How to complete this task = What should you transcribe? Every line from the top of the records below through the line with "Random Number : RandomNumber", exactly, and no pictures.

Segment Start: Extracted information

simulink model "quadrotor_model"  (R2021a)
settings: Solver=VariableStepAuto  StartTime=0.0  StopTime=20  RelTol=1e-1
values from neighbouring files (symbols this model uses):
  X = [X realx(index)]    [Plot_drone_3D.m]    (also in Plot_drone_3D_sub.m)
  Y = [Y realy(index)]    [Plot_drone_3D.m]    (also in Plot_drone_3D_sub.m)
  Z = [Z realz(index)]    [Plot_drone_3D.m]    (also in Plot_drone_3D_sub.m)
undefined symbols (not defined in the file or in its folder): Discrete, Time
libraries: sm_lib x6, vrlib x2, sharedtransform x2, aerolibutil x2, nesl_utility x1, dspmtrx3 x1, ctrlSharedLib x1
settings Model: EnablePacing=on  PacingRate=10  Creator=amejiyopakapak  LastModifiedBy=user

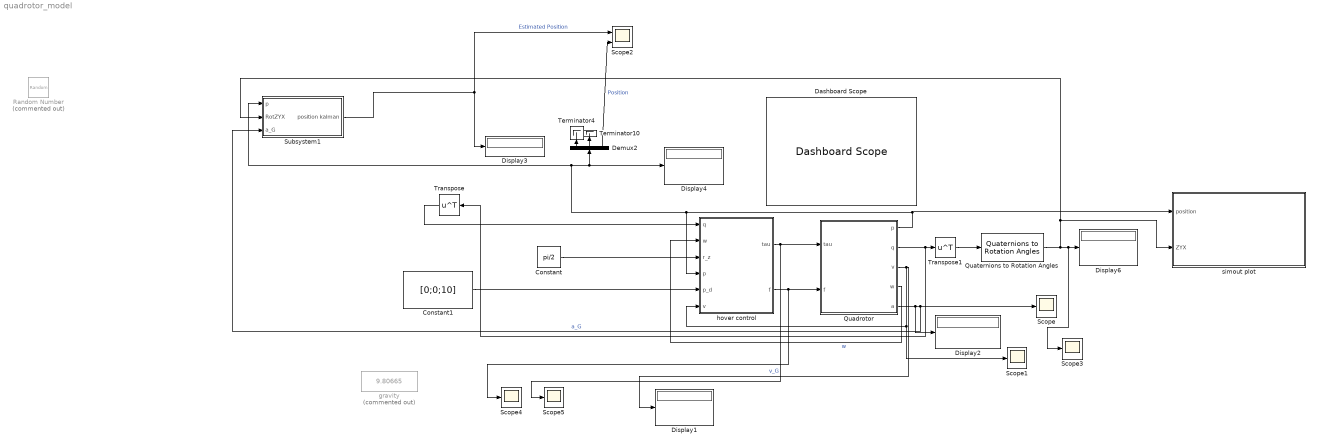
== system quadrotor_model ==
  Constant : Constant  Value=pi/2
  Constant1 : Constant  Value=[0;0;10]
  Dashboard Scope : DashboardScope
  Demux2 : Demux  Outputs=3
  Display{1..4,6} (5 alike) : Display
  Quadrotor : Subsystem
  Quaternions to Rotation Angles : sharedtransform/Quaternions to Rotation Angles  rotationOrder=ZYX  aMode=aMode
      settings: SourceProductBaseCode=AE,PW,DR,MT,UV,VE
  Random Number : RandomNumber  Commented=on  SampleTime=0.1
  Scope{,1,3..5} (5 alike) : Scope
  Scope2 : Scope  NumInputPorts=2
  Subsystem1 : Subsystem
  Terminator10 : Terminator
  Terminator4 : Terminator
  Transpose : Math  Operator=transpose  SaturateOnIntegerOverflow=on
  Transpose1 : Math  Operator=transpose  SaturateOnIntegerOverflow=on
  gravity : Constant  Commented=on  Value=9.80665
  hover control : Subsystem  mask{mass=1}
  simout plot : Subsystem
  wires:
  Quadrotor/5(a) -> Subsystem1/3(a_G), Scope/1, Display2/1  "a_G"
  Constant/1 -> hover control/3(r_z)
  Quadrotor/3(v) -> hover control/6(v), Scope1/1, Display1/1  "v_G"
  Quadrotor/2(q) -> Transpose/1, Transpose1/1
  hover control/1(tau) -> Quadrotor/1(tau), Scope5/1
  Quadrotor/4(w) -> hover control/2(w)  "w"
  Transpose/1 -> hover control/1(q)
  Quaternions to Rotation Angles/1 -> simout plot/2(ZYX), Subsystem1/2(RotZYX), Display6/1, Scope3/1
  Transpose1/1 -> Quaternions to Rotation Angles/1
  Constant1/1 -> hover control/5(p_d)
  hover control/2(f) -> Scope4/1, Quadrotor/2(f)
  Quadrotor/1(p) -> simout plot/1(position), Subsystem1/1(p), Demux2/1, Display4/1, hover control/4(p)
  Demux2/3 -> Scope2/2  "Position"
  Demux2/1 -> Terminator4/1
  Demux2/2 -> Terminator10/1
  Subsystem1/1(position kalman) -> Scope2/1, Display3/1  "Estimated Position"

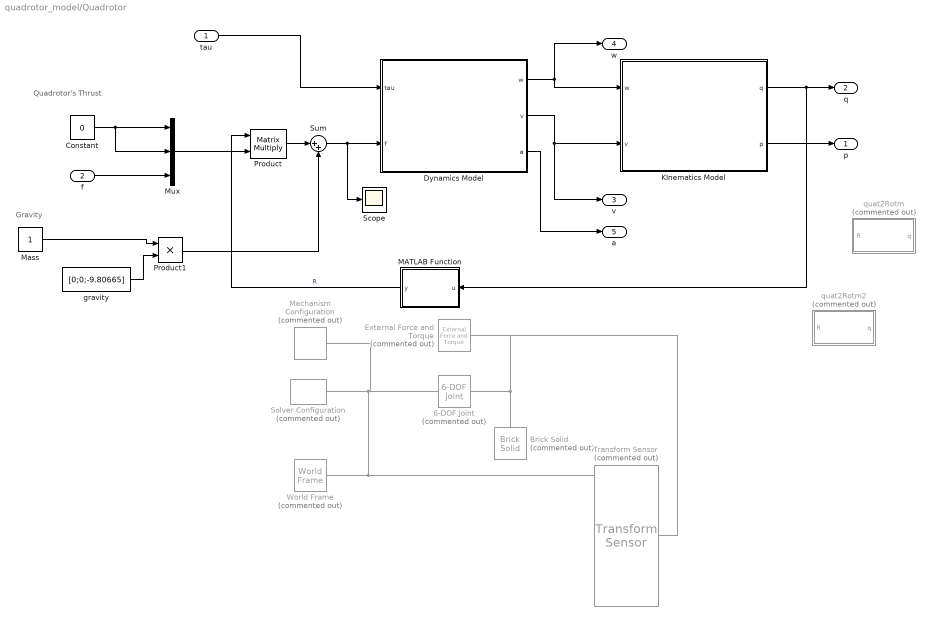
== system quadrotor_model/Quadrotor ==
  note: Quadrotor's Thrust
  note: Gravity
  tau : Inport
  f : Inport  Port=2
  6-DOF Joint : sm_lib/Joints/6-DOF Joint  Commented=on  JointMode=Normal  SenseConstraintForce=off  SenseConstraintForceX=off  SenseConstraintForceY=off  SenseConstraintForceZ=off  SenseConstraintTorque=off  SenseConstraintTorqueX=off  SenseConstraintTorqueY=off  SenseConstraintTorqueZ=off  SenseTotalForce=off  SenseTotalForceX=off  SenseTotalForceY=off  SenseTotalForceZ=off  SenseTotalTorque=off  SenseTotalTorqueX=off  SenseTotalTorqueY=off  SenseTotalTorqueZ=off  CompositeWrenchDir=FollowerOnBase  CompositeWrenchFrame=BaseFrame  PxEquilibriumPosition=0  PxEquilibriumPositionUnits=m  PxSpringStiffness=0  PxSpringStiffnessUnits=N/m  PxDampingCoefficient=0  PxDampingCoefficientUnits=N/(m/s)  PxTorqueActuationMode=NoTorque  PxMotionActuationMode=ComputedMotion  PxSensePosition=off  PxSenseVelocity=off  PxSenseAcceleration=off  PxSenseTorqueForce=off  PxSenseLowerLimitTorqueForce=off  PxSenseUpperLimitTorqueForce=off  PxLowerLimitSpecify=off  PxLowerLimitBound=-1  PxLowerLimitBoundUnits=m  PxLowerLimitStiffness=1e6  PxLowerLimitStiffnessUnits=N/m  PxLowerLimitDamping=1e3  PxLowerLimitDampingUnits=N/(m/s)  PxLowerLimitTransitionRegionWidth=1e-4  PxLowerLimitTransitionRegionWidthUnits=m  PxUpperLimitSpecify=off  PxUpperLimitBound=1  PxUpperLimitBoundUnits=m  PxUpperLimitStiffness=1e6  PxUpperLimitStiffnessUnits=N/m  PxUpperLimitDamping=1e3  PxUpperLimitDampingUnits=N/(m/s)  PxUpperLimitTransitionRegionWidth=1e-4  PxUpperLimitTransitionRegionWidthUnits=m  PxPositionTargetSpecify=off  PxPositionTargetPriority=High  PxPositionTargetValue=0  PxPositionTargetValueUnits=m  PxVelocityTargetSpecify=off  PxVelocityTargetPriority=High  PxVelocityTargetValue=0  PxVelocityTargetValueUnits=m/s  PyEquilibriumPosition=0  PyEquilibriumPositionUnits=m  PySpringStiffness=0  PySpringStiffnessUnits=N/m  PyDampingCoefficient=0  PyDampingCoefficientUnits=N/(m/s)  PyTorqueActuationMode=NoTorque  PyMotionActuationMode=ComputedMotion  PySensePosition=off  PySenseVelocity=off  PySenseAcceleration=off  PySenseTorqueForce=off  PySenseLowerLimitTorqueForce=off  PySenseUpperLimitTorqueForce=off  PyLowerLimitSpecify=off  PyLowerLimitBound=-1  PyLowerLimitBoundUnits=m  PyLowerLimitStiffness=1e6  PyLowerLimitStiffnessUnits=N/m  PyLowerLimitDamping=1e3  PyLowerLimitDampingUnits=N/(m/s)  PyLowerLimitTransitionRegionWidth=1e-4  PyLowerLimitTransitionRegionWidthUnits=m  PyUpperLimitSpecify=off  PyUpperLimitBound=1  PyUpperLimitBoundUnits=m  PyUpperLimitStiffness=1e6  PyUpperLimitStiffnessUnits=N/m  PyUpperLimitDamping=1e3  PyUpperLimitDampingUnits=N/(m/s)  PyUpperLimitTransitionRegionWidth=1e-4  PyUpperLimitTransitionRegionWidthUnits=m  PyPositionTargetSpecify=off  PyPositionTargetPriority=High  PyPositionTargetValue=0  PyPositionTargetValueUnits=m  PyVelocityTargetSpecify=off  PyVelocityTargetPriority=High  PyVelocityTargetValue=0  PyVelocityTargetValueUnits=m/s  PzEquilibriumPosition=0  PzEquilibriumPositionUnits=m  PzSpringStiffness=0  PzSpringStiffnessUnits=N/m  PzDampingCoefficient=0  PzDampingCoefficientUnits=N/(m/s)  PzTorqueActuationMode=NoTorque  PzMotionActuationMode=ComputedMotion  PzSensePosition=off  PzSenseVelocity=off  PzSenseAcceleration=off  PzSenseTorqueForce=off  PzSenseLowerLimitTorqueForce=off  PzSenseUpperLimitTorqueForce=off  PzLowerLimitSpecify=off  PzLowerLimitBound=-1  PzLowerLimitBoundUnits=m  PzLowerLimitStiffness=1e6  PzLowerLimitStiffnessUnits=N/m  PzLowerLimitDamping=1e3  PzLowerLimitDampingUnits=N/(m/s)  PzLowerLimitTransitionRegionWidth=1e-4  PzLowerLimitTransitionRegionWidthUnits=m  PzUpperLimitSpecify=off  PzUpperLimitBound=1  PzUpperLimitBoundUnits=m  PzUpperLimitStiffness=1e6  PzUpperLimitStiffnessUnits=N/m  PzUpperLimitDamping=1e3  PzUpperLimitDampingUnits=N/(m/s)  PzUpperLimitTransitionRegionWidth=1e-4  PzUpperLimitTransitionRegionWidthUnits=m  PzPositionTargetSpecify=off  PzPositionTargetPriority=High  PzPositionTargetValue=0  PzPositionTargetValueUnits=m  PzVelocityTargetSpecify=off  PzVelocityTargetPriority=High  PzVelocityTargetValue=0  PzVelocityTargetValueUnits=m/s  SphDefPosRotationMethod=None  SphDefPosRotationAngleUnits=deg  SphDefPosRotationStandardAxis=+Z  SphDefPosRotationAngle=0.0  SphDefPosRotationArbitraryAxis=[0 0 1]  SphDefPosFollAlignAxisA=+X  SphDefPosBaseAlignAxisA=+Y  SphDefPosFollAlignAxisB=+Y  SphDefPosBaseAlignAxisB=+Z  SphDefPosRotationSequenceAxes=FollowerAxes  SphDefPosRotationSequence=XYX  SphDefPosRotationSequenceAngles=[0 0 0]  SphDefPosRotationSequenceAnglesUnits=deg  SphDefPosRotationMatrix=[1 0 0; 0 1 0; 0 0 1]  SphEqPosRotationMethod=None  SphEqPosRotationAngleUnits=deg  SphEqPosRotationStandardAxis=+Z  SphEqPosRotationAngle=0.0  SphEqPosRotationArbitraryAxis=[0 0 1]  SphEqPosFollAlignAxisA=+X  SphEqPosBaseAlignAxisA=+Y  SphEqPosFollAlignAxisB=+Y  SphEqPosBaseAlignAxisB=+Z  SphEqPosRotationSequenceAxes=FollowerAxes  SphEqPosRotationSequence=XYX  SphEqPosRotationSequenceAngles=[0 0 0]  SphEqPosRotationSequenceAnglesUnits=deg  SphEqPosRotationMatrix=[1 0 0; 0 1 0; 0 0 1]  SphSpringStiffness=0  SphSpringStiffnessUnits=N*m/deg  SphDampingCoefficient=0  SphDampingCoefficientUnits=N*m/(deg/s)  SphActuateTorqueX=off  SphActuateTorqueY=off  SphActuateTorqueZ=off  SphActuateTorque=off  SphTorqueActuationMode=NoTorque  SphMotionActuationMode=ComputedMotion  SphActuationFrame=BaseFrame  SphSensePosition=off  SphSenseVelocityX=off  SphSenseVelocityY=off  SphSenseVelocityZ=off  SphSenseVelocity=off  SphSenseAccelerationX=off  SphSenseAccelerationY=off  SphSenseAccelerationZ=off  SphSenseAcceleration=off  SphSenseTorqueX=off  SphSenseTorqueY=off  SphSenseTorqueZ=off  SphSenseTorqueForce=off  SphSenseLowerLimitTorqueMag=off  SphSenseUpperLimitTorqueMag=off  SphSensingFrame=BaseFrame  SphLowerLimitSpecify=off  SphLowerLimitBound=15  SphLowerLimitBoundUnits=deg  SphLowerLimitStiffness=1e4  SphLowerLimitStiffnessUnits=N*m/deg  SphLowerLimitDamping=10  SphLowerLimitDampingUnits=N*m/(deg/s)  SphLowerLimitTransitionRegionWidth=0.1  SphLowerLimitTransitionRegionWidthUnits=deg  SphUpperLimitSpecify=off  SphUpperLimitBound=45  SphUpperLimitBoundUnits=deg  SphUpperLimitStiffness=1e4  SphUpperLimitStiffnessUnits=N*m/deg  SphUpperLimitDamping=10  SphUpperLimitDampingUnits=N*m/(deg/s)  SphUpperLimitTransitionRegionWidth=0.1  SphUpperLimitTransitionRegionWidthUnits=deg  SphPositionTargetRotationMethod=None  SphPositionTargetRotationAngleUnits=deg  SphPositionTargetRotationStandardAxis=+Z  SphPositionTargetRotationAngle=0.0  SphPositionTargetRotationArbitraryAxis=[0 0 1]  SphPositionTargetFollAlignAxisA=+X  SphPositionTargetBaseAlignAxisA=+Y  SphPositionTargetFollAlignAxisB=+Y  SphPositionTargetBaseAlignAxisB=+Z  SphPositionTargetRotationSequenceAxes=FollowerAxes  SphPositionTargetRotationSequence=XYX  SphPositionTargetRotationSequenceAngles=[0 0 0]  SphPositionTargetRotationSequenceAnglesUnits=deg  SphPositionTargetRotationMatrix=[1 0 0; 0 1 0; 0 0 1]  SphPositionTargetSpecify=off  SphPositionTargetPriority=High  SphVelocityTargetValue=[0 0 0]  SphVelocityTargetValueUnits=deg/s  SphVelocityTargetSpecify=off  SphVelocityTargetPriority=High  SphVelocityTargetInFollowerFrame=on
  Brick Solid : sm_lib/Body Elements/Brick Solid  Commented=on  GraphicAmbientColor=[0.15 0.15 0.15 1.0]  BasedOnType=Density  BrickDimensions=[1 1 1]  BrickDimensionUnits=m  CenterOfMass=[0 0 0]  CenterOfMassUnits=m  GraphicDiffuseColor=[0.5 0.5 0.5]  Density=1000  DensityUnits=kg/m^3  DoExposeReferenceFrame=on  GraphicEmissiveColor=[0.0 0.0 0.0 1.0]  ExportEntireGeometry=off  SerializedFrames=<Frames/>  MarkerShape=Sphere  MarkerSize=10  GraphicType=FromGeometry  InertiaType=CalculateFromGeometry  Mass=1  MassUnits=kg  MomentsOfInertia=[1 1 1]  MomentsOfInertiaUnits=kg*m^2  GraphicOpacity=1.0  ProductsOfInertia=[0 0 0]  ProductsOfInertiaUnits=kg*m^2  GraphicShininess=75  GraphicSpecularColor=[0.5 0.5 0.5 1.0]  GraphicVisPropType=SimpleVisualProperties
  Constant : Constant  Value=0
  Dynamics Model : Subsystem  mask{I=[1 0 0 ; 0 1 0; 0 0 1], m=1, w_0=[0;0;0], v_0=[0;0;0]}
      mask prompts: I "Body Inertia Matrix"; m "Mass"; w_0 "Initial Angular Velocity"; v_0 "Initial Linear Velocity"
      mask DialogControl Container3 Prompt: Physical Parameters
      mask DialogControl Container4 Prompt: Initial States
      mask Display: disp('Dynamics Model')
  External Force and Torque : sm_lib/Forces and Torques/External Force and Torque  Commented=on  ForceResolutionFrame=AttachedFrame  EnableForceX=off  EnableForceY=off  EnableForceZ=off  EnableForce=on  TorqueResolutionFrame=AttachedFrame  EnableTorqueX=off  EnableTorqueY=off  EnableTorqueZ=off  EnableTorque=on
  "KInematics Model " : Subsystem  mask{q_0=[1;0;0;0], p_0=[0;0;0]}
      mask prompts: q_0 "Initial Orienetation (in quaternion)"; p_0 "Initial Position"
      mask DialogControl Container3 Prompt: Initial States
      mask Display: disp('Kinematics Model')
  MATLAB Function : MATLAB Function  TreatAsAtomicUnit=on
  Mass : Constant
  Mechanism Configuration : sm_lib/Utilities/Mechanism Configuration  Commented=on  UniformGravity=Constant  GravityVector=[0 0 -9.80665]  GravityVectorUnits=m/s^2  GravityUnits=m/s^2  LinearizationDelta=0.001  JointModeTransitionNonlinearIterations=2
  Mux : Mux  Inputs=3
  Product : Product  Multiplication=Matrix(*)
  Product1 : Product
  Scope : Scope
  Solver Configuration : nesl_utility/Solver Configuration  Commented=on  PhysicalDomain=network_engine_domain  SubClassName=solver  LeftPortType=input  RightPortType=generic  Tones=[]  Harmonics=[]  SimulateNoise=off  Profile=off  UseLocalSampling=off  EnableSwitchedLinearOptims=on  FrequencyDomain=off  UseCCode=off  RelTol=0.001  AbsTol=1e-06  MinStep=1e-09  ToWorkspace=off  RevertToSquareIcSolve=off  NumHomotopyIterations=100  PhasorMode=off  PhasorModeNumHarmonics=1  DoDC=off  ResidualTolerance=1e-09  UseLocalSolver=off  LocalSolverChoice=NE_BACKWARD_EULER_ADVANCER  LocalSolverSampleTime=0.001  DoFixedCost=off  MaxNonlinIter=3  MaxModeIter=2  ComputeImpulses=off  ImpulseIterations=2  LinearAlgebra=auto  EquationFormulation=NE_TIME_EF  DelaysMemoryBudget=1024  AutomaticFiltering=on  FilteringTimeConstant=0.001  PartitionStorageMethod=AS_NEEDED  PartitionMemoryBudget=1024  PartitionMethod=ROBUST
  Sum : Sum  Inputs=|++
  Transform Sensor : sm_lib/Frames and Transforms/Transform Sensor  Commented=on  MeasurementFrame=World  SenseAngle=off  SenseAxis=off  SenseAngle1=off  SenseAngle2=off  SenseAngle3=off  SenseQ=on  SenseR=off  SenseOmegaX=on  SenseOmegaY=on  SenseOmegaZ=on  SenseOmega1=off  SenseOmega2=off  SenseOmega3=off  SenseQDot=off  SenseRDot=off  SenseAlphaX=off  SenseAlphaY=off  SenseAlphaZ=off  SenseAlpha1=off  SenseAlpha2=off  SenseAlpha3=off  SenseQDDot=off  SenseRDDot=off  SenseX=on  SenseY=on  SenseZ=on  SenseRad=off  SenseAzim=off  SenseDist=off  SenseInc=off  SenseXDot=on  SenseYDot=on  SenseZDot=on  SenseRadDot=off  SenseAzimDot=off  SenseDistDot=off  SenseIncDot=off  SenseXDDot=off  SenseYDDot=off  SenseZDDot=off  SenseRadDDot=off  SenseAzimDDot=off  SenseDistDDot=off  SenseIncDDot=off
  World Frame : sm_lib/Frames and Transforms/World Frame  Commented=on
  gravity : Constant  Value=[0;0;-9.80665]
  quat2Rotm : Subsystem  Commented=on
      mask Display: disp('R(q)')
  quat2Rotm2 : Subsystem  Commented=on
      mask Display: disp('R(q)')
  p : Outport
  q : Outport  Port=2
  v : Outport  Port=3
  w : Outport  Port=4
  a : Outport  Port=5
  wires:
  Dynamics Model/1(w) -> "KInematics Model "/1(w), w/1
  "KInematics Model "/2(p) -> p/1
  Dynamics Model/2(v) -> v/1, "KInematics Model "/2(v)
  f/1 -> Mux/3
  Constant/1 -> Mux/2, Mux/1
  Product/1 -> Sum/1
  Product1/1 -> Sum/2
  gravity/1 -> Product1/2
  Mass/1 -> Product1/1
  Dynamics Model/3(a) -> a/1
  MATLAB Function/1(y) -> Product/1  "R"
  Mux/1 -> Product/2
  Sum/1 -> Scope/1, Dynamics Model/2(f)
  tau/1 -> Dynamics Model/1(tau)
  "KInematics Model "/1(q) -> MATLAB Function/1(u), q/1
  connections:
  Solver Configuration/RConn1 -- Mechanism Configuration/RConn1 -- 6-DOF Joint/LConn1 -- Transform Sensor/RConn1 -- World Frame/RConn1
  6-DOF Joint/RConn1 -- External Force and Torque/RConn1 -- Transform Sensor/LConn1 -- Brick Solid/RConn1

Segment End: Extracted information

Solution =
simulink model "quadrotor_model"  (R2021a)
settings: Solver=VariableStepAuto  StartTime=0.0  StopTime=20  RelTol=1e-1
values from neighbouring files (symbols this model uses):
  X = [X realx(index)]    [Plot_drone_3D.m]    (also in Plot_drone_3D_sub.m)
  Y = [Y realy(index)]    [Plot_drone_3D.m]    (also in Plot_drone_3D_sub.m)
  Z = [Z realz(index)]    [Plot_drone_3D.m]    (also in Plot_drone_3D_sub.m)
undefined symbols (not defined in the file or in its folder): Discrete, Time
libraries: sm_lib x6, vrlib x2, sharedtransform x2, aerolibutil x2, nesl_utility x1, dspmtrx3 x1, ctrlSharedLib x1
settings Model: EnablePacing=on  PacingRate=10  Creator=amejiyopakapak  LastModifiedBy=user

== system quadrotor_model ==
  Constant : Constant  Value=pi/2
  Constant1 : Constant  Value=[0;0;10]
  Dashboard Scope : DashboardScope
  Demux2 : Demux  Outputs=3
  Display{1..4,6} (5 alike) : Display
  Quadrotor : Subsystem
  Quaternions to Rotation Angles : sharedtransform/Quaternions to Rotation Angles  rotationOrder=ZYX  aMode=aMode
      settings: SourceProductBaseCode=AE,PW,DR,MT,UV,VE
  Random Number : RandomNumber  Commented=on  SampleTime=0.1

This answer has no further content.